- _DIRECTIONS FOR THIS TASK_:
Copy every line of the data that includes the string "pads".

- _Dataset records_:
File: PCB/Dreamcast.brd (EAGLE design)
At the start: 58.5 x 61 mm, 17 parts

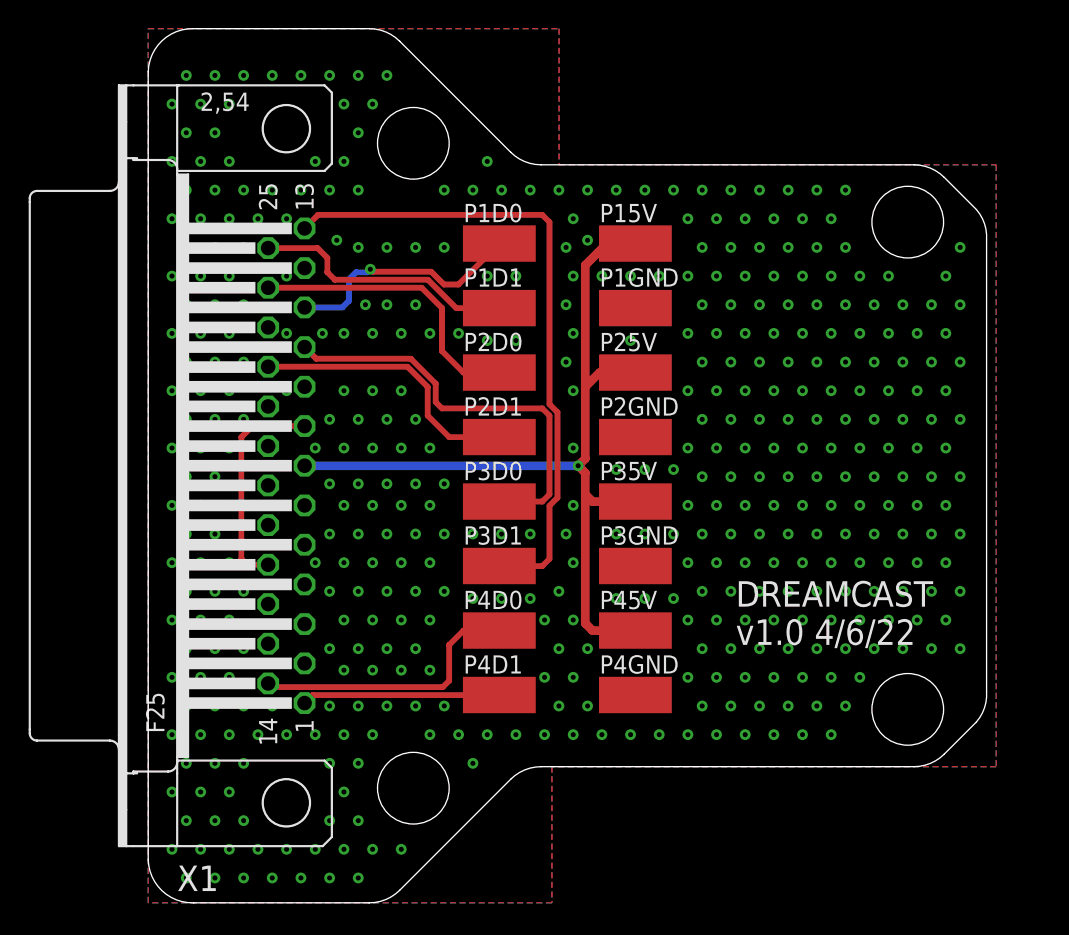
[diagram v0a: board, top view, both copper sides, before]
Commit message: Updates from Issues 42/43/18
Closed Issues 42 and 43 as Sega Genesis and PSX have been successfully tested and functional.

Updated Dreamcast PCB per comment in Issue 18 - Reversed P1-P4 pads to match housing

Updated Project Status to reflect #42 and #43 Complete
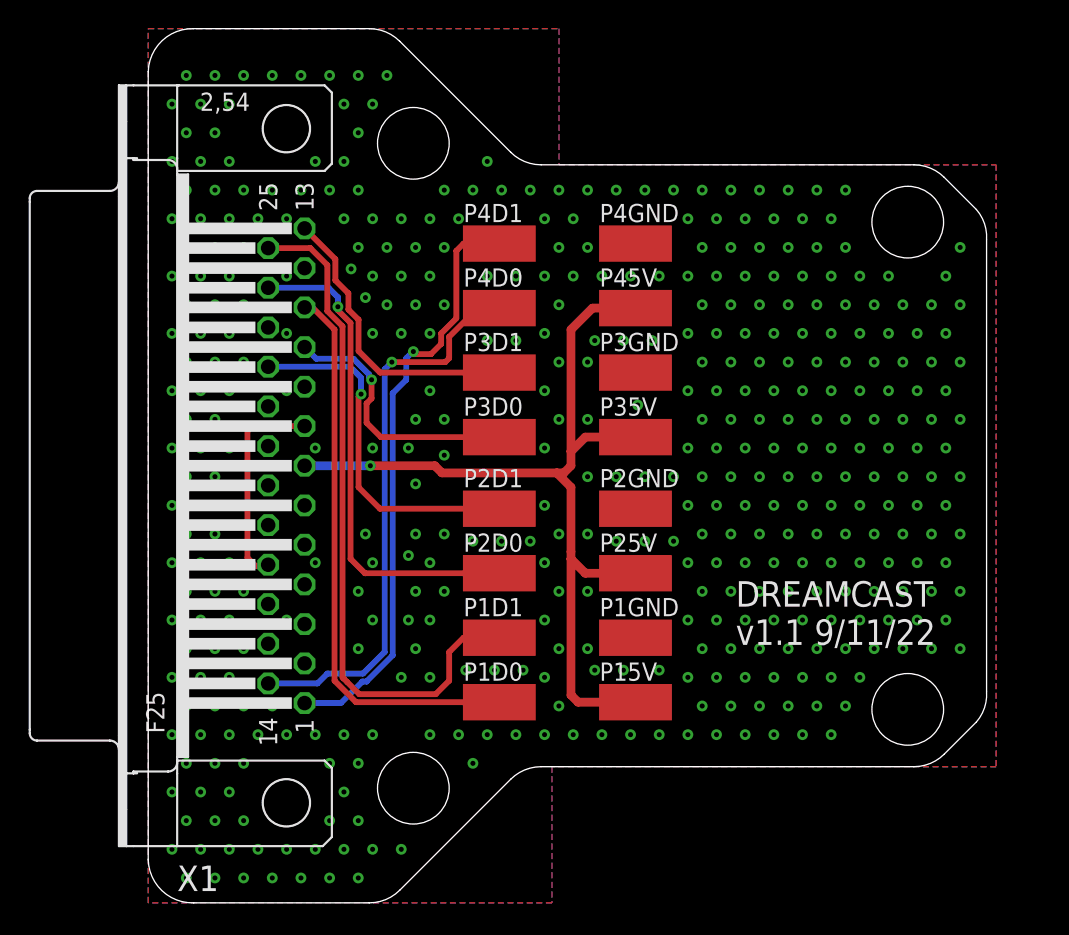
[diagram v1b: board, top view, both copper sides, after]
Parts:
- moved P15V 32.0 mm to (34.0, 14.0)
- moved P1D0 32.0 mm to (24.5, 14.0)
- moved P4D1 31.5 mm to (24.5, 46.0)
- moved P4GND 31.5 mm to (34.0, 46.0)
- moved P1D1 23.0 mm to (24.5, 18.5)
- moved P1GND 23.0 mm to (34.0, 18.5)
- moved P45V 22.5 mm to (34.0, 41.5)
- moved P4D0 22.5 mm to (24.5, 41.5)
- moved P25V 14.0 mm to (34.0, 23.0)
- moved P2D0 14.0 mm to (24.5, 23.0)
- moved P3D1 13.5 mm to (24.5, 37.0)
- moved P3GND 13.5 mm to (34.0, 37.0)
- moved P2D1 5.00 mm to (24.5, 27.5)
- moved P2GND 5.00 mm to (34.0, 27.5)
- moved P35V 4.50 mm to (34.0, 32.5)
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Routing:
- net IO22: track 18.5 -> 48.1 mm
- net IO27: track 13.8 -> 41.8 mm, vias 0 -> 1
- net IO23: track 45.4 -> 20.6 mm
- net IO21: track 17.2 -> 39.4 mm, vias 1 -> 0
- net IO26: track 19.3 -> 39.4 mm, vias 0 -> 1
- net IO3: track 20.3 -> 34.6 mm, vias 0 -> 1
- net IO18: track 29.0 -> 18.6 mm, vias 0 -> 1
- net IO5: track 19.3 -> 25.0 mm, vias 0 -> 1
- net VIN: track 60.0 -> 64.1 mm
- net JMPR: track 15.3 -> 14.7 mm
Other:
- board text added: "DREAMCAST v1.1 9/11/22"
- board text removed: "DREAMCAST v1.0 4/6/22"

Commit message: Added exposed GND plane at DB25 anchors
All PCBs have been update to have exposed GND plane pads for the DB25 anchor points.

This resolves Issue 54
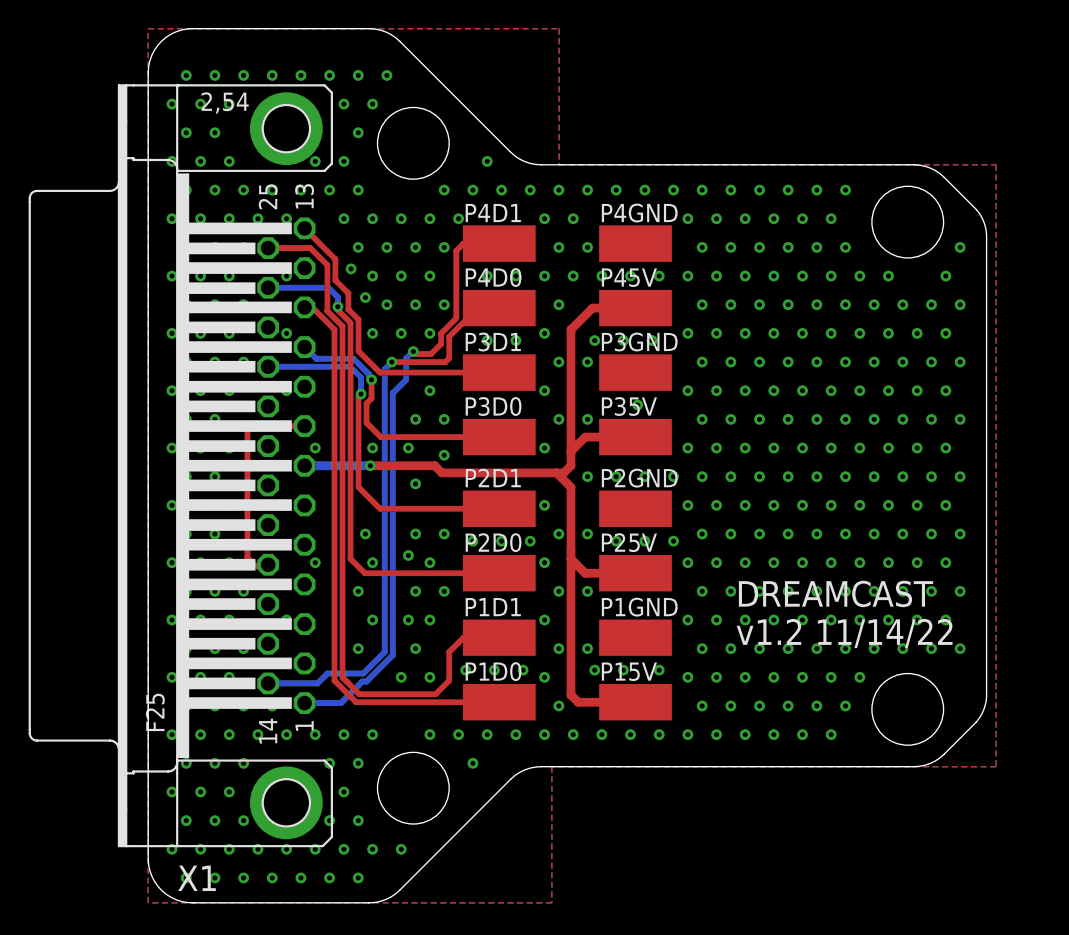
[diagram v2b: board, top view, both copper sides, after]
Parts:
- X1: device SparkFun-Retired:F25H -> SparkFun-Retired:F25HP
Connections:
- net GND: now also X1.GND1, X1.GND2
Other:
- board text added: "DREAMCAST v1.2 11/14/22"
- board text removed: "DREAMCAST v1.1 9/11/22"
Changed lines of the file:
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@@
 <hole x="18.5" y="8" drill="5"/>
 <text x="41" y="18" size="1.778" layer="21">DREAMCAST
-v1.1 9/11/22</text>
+v1.2 11/14/22</text>
 </plain>
 <attributes>
@@
 <attribute name="VALUE" x="34" y="46" size="0.0254" layer="27" rot="R270"/>
 </element>
-<element name="X1" library="SparkFun-Retired" package="F25H" value="" x="9.64" y="30.5" smashed="yes" rot="R90">
+<element name="X1" library="SparkFun-Retired" package="F25HP" value="" x="9.64" y="30.5" smashed="yes" rot="R90">
 <attribute name="NAME" x="4.919" y="2.6" size="1.778" layer="25" ratio="10" rot="R180"/>
 <attribute name="VALUE" x="-4.33" y="22.118" size="1.778" layer="27" ratio="10" rot="R90"/>
@@
 <signals>
 <signal name="GND">
-<contactref element="X1" pad="2"/>
-<contactref element="X1" pad="3"/>
-<contactref element="X1" pad="4"/>
-<contactref element="X1" pad="5"/>
-<contactref element="X1" pad="15"/>
-<contactref element="X1" pad="16"/>
-<contactref element="X1" pad="6"/>
-<contactref element="X1" pad="9"/>
 <contactref element="P1GND" pad="1"/>
 <contactref element="P4GND" pad="1"/>
@@
 <vertex x="28.17" y="0"/>
 </polygon>
-<contactref element="X1" pad="23"/>
 <via x="2.6568" y="1.735840625" extent="1-16" drill="0.35"/>
 <via x="1.6568" y="3.735840625" extent="1-16" drill="0.35"/>
@@
 <via x="55.6568" y="43.735840625" extent="1-16" drill="0.35"/>
 <via x="56.6568" y="45.735840625" extent="1-16" drill="0.35"/>
+<contactref element="X1" pad="2"/>
+<contactref element="X1" pad="3"/>
+<contactref element="X1" pad="4"/>
+<contactref element="X1" pad="5"/>
+<contactref element="X1" pad="15"/>
+<contactref element="X1" pad="16"/>
+<contactref element="X1" pad="6"/>
+<contactref element="X1" pad="9"/>
+<contactref element="X1" pad="23"/>
+<contactref element="X1" pad="GND1"/>
+<contactref element="X1" pad="GND2"/>
 </signal>
 <signal name="IO5">

- _REPLY_:
Updated Dreamcast PCB per comment in Issue 18 - Reversed P1-P4 pads to match housing
All PCBs have been update to have exposed GND plane pads for the DB25 anchor points.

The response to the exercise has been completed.